Seven of the strategies were broad public health strategies containing obesity as well as non-obesity policies such as on tobacco smoking and food safety. The other seven contained only obesity-related policies, such as on diet and/or physical activity. Twelve of the fourteen strategies contained obesity reduction targets. However, only five of these were specific, numerical targets rather than statements such as 'aim to reduce obesity'.

Theis said: "In almost 30 years, successive UK governments have proposed hundreds of wide-ranging policies to tackle obesity in England, but these are yet to have an impact on levels of obesity or reduce inequality. Many of these policies have largely been flawed from the outset and proposed in ways that make them difficult to implement. What's more, there's been a fairly consistent failure to learn from past mistakes. Governments appear more likely to publish another strategy containing the same, recycled policies than to implement policies already proposed.

"If we were to produce a report card, overall we might only give them 4 out of 10: could do much better."

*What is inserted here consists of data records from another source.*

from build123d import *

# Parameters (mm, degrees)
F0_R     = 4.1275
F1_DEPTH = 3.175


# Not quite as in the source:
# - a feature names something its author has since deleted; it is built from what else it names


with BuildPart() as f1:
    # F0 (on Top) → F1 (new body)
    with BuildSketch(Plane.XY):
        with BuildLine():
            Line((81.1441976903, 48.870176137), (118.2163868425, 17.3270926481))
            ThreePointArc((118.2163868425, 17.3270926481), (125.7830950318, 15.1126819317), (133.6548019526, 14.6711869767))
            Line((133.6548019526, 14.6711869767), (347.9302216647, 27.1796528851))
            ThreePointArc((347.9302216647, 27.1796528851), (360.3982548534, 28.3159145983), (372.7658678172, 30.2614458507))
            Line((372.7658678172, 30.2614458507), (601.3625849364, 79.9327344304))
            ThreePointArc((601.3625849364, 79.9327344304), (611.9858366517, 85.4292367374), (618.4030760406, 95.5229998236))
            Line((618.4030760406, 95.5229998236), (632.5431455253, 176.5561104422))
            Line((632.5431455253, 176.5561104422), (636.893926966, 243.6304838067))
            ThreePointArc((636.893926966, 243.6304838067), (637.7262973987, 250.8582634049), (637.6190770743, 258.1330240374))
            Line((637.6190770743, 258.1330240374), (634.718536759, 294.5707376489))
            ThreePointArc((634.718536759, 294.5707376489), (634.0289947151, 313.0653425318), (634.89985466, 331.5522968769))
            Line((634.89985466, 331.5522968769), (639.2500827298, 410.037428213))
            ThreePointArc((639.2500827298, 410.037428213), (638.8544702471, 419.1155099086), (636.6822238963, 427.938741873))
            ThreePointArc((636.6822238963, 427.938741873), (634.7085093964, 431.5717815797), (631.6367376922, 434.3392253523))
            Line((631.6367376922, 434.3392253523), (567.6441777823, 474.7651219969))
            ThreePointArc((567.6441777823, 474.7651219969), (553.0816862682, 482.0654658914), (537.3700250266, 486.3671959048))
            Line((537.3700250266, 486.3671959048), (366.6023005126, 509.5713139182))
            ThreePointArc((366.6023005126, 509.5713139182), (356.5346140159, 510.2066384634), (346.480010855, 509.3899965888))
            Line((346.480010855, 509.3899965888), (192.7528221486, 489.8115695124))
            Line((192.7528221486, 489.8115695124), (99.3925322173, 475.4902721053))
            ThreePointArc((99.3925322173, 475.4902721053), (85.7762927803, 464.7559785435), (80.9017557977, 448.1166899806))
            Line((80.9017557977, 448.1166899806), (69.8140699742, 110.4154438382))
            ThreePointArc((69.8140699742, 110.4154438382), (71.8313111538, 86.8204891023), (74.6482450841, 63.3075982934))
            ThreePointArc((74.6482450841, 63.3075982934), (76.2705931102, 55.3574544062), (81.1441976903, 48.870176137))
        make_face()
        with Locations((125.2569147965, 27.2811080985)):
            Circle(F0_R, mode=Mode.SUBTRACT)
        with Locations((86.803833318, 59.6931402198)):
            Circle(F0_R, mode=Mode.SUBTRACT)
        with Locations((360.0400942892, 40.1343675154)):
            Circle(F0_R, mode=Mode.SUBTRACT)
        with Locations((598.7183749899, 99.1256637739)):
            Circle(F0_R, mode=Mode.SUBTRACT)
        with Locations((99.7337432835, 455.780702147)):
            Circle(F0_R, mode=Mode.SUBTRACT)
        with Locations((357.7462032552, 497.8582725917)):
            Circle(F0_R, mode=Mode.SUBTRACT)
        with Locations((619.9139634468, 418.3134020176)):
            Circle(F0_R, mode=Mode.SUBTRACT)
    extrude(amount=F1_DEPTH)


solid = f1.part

Theis and White identified seven criteria necessary for effective implementation, but found that only 8% of policies fulfilled all seven criteria, while the largest proportion of policies (29%) did not fulfil a single one of the criteria. Fewer than a quarter (24%) included a monitoring or evaluation plan, just 19% cited any supporting scientific evidence, and less than one in ten (9%) included details of likely costs or an allocated budget.

The lack of such basic information as the cost of implementing policies was highlighted in a recent National Audit Office report on the UK Government's approach to tackling childhood obesity in England, which found that the Department of Health and Social Care did not know how much central government spent tackling childhood obesity.

"No matter how well-intended and evidence-informed a policy, if it is nebulously proposed without a clear plan or targets it makes implementation difficult and it is unlikely the policy will be deemed successful," added Theis. "One might legitimately ask, what is the purpose of proposing policies at all if they are unlikely to be implemented?"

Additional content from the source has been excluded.